Source records
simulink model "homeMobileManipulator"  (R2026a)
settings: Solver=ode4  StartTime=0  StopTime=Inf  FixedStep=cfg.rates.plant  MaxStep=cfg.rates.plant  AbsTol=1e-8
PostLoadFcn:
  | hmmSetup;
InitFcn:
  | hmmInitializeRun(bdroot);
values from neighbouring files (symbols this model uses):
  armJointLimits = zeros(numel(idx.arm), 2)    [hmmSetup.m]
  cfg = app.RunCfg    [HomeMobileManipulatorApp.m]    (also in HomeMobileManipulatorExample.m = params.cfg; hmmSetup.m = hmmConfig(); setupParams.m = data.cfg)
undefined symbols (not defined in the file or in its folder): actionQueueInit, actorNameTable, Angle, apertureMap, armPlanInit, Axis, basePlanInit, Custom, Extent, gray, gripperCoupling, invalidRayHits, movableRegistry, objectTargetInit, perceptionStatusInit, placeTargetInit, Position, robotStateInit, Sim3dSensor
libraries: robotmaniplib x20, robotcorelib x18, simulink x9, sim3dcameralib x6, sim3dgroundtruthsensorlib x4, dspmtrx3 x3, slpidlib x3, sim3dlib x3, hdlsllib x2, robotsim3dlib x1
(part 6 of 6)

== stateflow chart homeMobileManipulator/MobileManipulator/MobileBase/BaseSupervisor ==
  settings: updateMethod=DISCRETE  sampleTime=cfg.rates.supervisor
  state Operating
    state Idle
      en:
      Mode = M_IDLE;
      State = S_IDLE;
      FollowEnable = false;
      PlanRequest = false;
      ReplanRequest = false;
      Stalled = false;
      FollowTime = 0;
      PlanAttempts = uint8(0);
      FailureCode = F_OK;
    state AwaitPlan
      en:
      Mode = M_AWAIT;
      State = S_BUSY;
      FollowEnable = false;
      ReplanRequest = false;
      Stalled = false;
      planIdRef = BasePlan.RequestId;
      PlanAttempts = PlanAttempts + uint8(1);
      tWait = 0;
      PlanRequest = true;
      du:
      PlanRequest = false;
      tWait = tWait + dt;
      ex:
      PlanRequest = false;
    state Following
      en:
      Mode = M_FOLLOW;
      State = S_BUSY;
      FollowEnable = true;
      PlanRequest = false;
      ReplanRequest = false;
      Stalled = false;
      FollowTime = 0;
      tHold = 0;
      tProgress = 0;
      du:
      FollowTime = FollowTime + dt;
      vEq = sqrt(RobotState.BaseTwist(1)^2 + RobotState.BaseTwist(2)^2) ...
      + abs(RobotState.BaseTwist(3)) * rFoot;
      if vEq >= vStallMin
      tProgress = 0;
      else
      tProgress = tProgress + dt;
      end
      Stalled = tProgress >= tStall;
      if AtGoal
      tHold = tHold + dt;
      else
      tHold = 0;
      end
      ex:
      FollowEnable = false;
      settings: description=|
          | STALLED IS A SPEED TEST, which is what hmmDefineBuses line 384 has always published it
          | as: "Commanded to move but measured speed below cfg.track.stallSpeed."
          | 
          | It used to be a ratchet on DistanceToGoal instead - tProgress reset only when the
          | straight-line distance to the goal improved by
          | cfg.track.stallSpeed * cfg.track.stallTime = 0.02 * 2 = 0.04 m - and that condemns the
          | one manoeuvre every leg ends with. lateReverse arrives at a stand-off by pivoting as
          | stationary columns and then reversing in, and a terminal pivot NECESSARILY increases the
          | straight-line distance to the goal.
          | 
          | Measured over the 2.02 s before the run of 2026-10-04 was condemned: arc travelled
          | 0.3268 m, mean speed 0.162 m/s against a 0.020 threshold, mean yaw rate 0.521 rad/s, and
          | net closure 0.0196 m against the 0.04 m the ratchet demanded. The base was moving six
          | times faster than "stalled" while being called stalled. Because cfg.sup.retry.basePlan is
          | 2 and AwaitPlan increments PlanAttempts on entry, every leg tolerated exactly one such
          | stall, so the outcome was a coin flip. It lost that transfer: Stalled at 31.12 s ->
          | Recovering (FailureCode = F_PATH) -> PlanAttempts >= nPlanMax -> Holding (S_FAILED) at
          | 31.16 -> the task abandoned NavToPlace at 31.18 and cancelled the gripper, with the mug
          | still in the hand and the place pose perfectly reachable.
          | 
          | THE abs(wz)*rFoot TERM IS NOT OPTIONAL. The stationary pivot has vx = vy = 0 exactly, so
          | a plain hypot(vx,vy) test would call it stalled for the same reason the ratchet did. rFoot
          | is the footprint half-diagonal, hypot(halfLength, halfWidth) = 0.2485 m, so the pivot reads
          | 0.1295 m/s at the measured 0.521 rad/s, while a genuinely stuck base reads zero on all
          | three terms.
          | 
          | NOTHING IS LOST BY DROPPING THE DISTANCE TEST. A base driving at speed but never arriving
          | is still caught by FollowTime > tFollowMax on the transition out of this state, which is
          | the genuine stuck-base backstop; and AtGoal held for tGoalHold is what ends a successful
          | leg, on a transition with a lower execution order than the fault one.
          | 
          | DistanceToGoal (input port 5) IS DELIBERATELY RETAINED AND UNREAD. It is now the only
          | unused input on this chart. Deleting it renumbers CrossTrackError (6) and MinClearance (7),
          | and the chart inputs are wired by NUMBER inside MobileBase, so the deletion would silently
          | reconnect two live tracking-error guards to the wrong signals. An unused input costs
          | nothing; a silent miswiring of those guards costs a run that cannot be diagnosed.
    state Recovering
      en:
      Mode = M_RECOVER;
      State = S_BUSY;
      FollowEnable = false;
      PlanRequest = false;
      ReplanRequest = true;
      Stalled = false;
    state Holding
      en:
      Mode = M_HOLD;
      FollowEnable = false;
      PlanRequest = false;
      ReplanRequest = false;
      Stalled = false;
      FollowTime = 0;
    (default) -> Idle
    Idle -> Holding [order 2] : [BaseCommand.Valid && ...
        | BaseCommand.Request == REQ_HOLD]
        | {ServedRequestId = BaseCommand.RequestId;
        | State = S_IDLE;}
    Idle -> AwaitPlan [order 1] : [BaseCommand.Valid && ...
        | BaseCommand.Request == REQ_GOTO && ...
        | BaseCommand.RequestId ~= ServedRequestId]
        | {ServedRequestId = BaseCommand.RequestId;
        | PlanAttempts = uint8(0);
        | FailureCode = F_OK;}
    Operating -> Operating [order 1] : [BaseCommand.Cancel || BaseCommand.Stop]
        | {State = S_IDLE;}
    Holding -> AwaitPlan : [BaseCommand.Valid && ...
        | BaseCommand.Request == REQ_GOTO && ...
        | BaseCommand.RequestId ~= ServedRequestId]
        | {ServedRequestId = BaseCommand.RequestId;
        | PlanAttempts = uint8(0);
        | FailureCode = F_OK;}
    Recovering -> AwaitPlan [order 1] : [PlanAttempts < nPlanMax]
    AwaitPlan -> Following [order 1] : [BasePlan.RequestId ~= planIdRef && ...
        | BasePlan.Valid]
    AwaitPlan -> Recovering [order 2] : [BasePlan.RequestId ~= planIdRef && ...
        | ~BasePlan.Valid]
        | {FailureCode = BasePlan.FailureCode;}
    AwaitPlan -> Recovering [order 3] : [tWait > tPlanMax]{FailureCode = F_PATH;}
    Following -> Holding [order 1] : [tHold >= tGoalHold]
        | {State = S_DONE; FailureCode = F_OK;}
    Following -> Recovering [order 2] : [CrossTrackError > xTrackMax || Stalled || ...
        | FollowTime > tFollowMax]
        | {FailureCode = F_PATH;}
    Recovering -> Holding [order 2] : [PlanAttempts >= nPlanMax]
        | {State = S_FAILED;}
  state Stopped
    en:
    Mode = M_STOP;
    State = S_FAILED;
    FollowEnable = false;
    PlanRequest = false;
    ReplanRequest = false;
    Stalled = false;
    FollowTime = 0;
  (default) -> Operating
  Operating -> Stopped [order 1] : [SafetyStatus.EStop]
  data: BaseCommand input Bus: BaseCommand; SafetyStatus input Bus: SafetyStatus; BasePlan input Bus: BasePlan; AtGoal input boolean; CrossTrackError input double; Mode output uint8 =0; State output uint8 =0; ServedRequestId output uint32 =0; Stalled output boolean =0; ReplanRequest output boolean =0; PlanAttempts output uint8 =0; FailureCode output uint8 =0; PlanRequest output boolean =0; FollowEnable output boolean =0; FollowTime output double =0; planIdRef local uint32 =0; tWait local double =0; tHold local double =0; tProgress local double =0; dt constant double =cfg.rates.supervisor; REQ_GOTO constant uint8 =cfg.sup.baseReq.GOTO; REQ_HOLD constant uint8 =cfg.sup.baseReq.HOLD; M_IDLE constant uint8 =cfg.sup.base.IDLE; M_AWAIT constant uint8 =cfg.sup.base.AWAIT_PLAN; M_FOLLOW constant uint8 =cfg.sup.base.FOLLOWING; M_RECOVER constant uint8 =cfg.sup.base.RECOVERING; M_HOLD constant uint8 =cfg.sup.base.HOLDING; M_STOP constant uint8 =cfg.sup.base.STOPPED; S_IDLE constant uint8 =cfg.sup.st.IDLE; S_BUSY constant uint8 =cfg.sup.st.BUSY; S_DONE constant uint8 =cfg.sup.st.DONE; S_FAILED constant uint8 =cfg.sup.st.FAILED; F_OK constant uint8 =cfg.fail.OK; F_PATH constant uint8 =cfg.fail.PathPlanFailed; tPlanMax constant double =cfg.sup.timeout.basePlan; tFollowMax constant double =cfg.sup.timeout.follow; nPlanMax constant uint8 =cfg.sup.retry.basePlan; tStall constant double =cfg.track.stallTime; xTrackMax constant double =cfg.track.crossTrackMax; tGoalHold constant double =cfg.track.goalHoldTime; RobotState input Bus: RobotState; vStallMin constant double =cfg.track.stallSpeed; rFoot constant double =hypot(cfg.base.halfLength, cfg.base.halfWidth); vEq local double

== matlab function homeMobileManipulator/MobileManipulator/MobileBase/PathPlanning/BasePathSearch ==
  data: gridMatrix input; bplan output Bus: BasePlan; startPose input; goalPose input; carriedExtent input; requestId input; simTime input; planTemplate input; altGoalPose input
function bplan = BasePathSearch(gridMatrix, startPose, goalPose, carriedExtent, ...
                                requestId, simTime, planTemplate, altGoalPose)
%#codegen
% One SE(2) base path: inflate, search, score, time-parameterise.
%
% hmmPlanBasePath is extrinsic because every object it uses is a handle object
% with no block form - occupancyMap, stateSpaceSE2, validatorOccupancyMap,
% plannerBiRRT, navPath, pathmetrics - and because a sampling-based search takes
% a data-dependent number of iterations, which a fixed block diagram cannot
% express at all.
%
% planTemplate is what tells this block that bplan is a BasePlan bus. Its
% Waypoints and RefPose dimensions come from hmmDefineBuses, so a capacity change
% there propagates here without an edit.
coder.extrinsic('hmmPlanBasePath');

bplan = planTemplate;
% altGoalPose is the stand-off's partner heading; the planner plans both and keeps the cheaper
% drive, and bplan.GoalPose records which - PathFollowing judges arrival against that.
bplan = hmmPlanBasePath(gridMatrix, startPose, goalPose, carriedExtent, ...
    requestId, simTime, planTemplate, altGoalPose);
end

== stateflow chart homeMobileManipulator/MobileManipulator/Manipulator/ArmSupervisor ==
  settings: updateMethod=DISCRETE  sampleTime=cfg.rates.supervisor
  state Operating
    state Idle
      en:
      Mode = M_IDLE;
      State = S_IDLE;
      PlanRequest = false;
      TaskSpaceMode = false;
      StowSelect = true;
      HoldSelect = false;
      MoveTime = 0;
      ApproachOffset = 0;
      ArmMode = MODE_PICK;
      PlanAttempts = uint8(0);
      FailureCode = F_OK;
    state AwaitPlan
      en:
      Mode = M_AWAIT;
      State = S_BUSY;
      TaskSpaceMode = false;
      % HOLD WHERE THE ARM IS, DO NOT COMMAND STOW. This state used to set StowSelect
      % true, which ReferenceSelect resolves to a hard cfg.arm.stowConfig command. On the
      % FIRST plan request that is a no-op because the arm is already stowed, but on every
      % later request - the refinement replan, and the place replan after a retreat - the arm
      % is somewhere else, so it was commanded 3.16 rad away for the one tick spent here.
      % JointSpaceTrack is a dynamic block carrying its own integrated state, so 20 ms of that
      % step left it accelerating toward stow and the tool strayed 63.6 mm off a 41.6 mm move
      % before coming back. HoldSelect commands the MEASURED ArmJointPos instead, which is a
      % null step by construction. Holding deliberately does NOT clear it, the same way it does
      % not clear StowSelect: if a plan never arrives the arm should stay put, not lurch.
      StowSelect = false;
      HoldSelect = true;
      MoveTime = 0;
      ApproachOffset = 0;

◆ **Problem to work on**
Check each line of the data above, and please copy the ones in which the string "what" occurs.

◆ **Written reply**
          | STALLED IS A SPEED TEST, which is what hmmDefineBuses line 384 has always published it
          | the genuine stuck-base backstop; and AtGoal held for tGoalHold is what ends a successful
% planTemplate is what tells this block that bplan is a BasePlan bus. Its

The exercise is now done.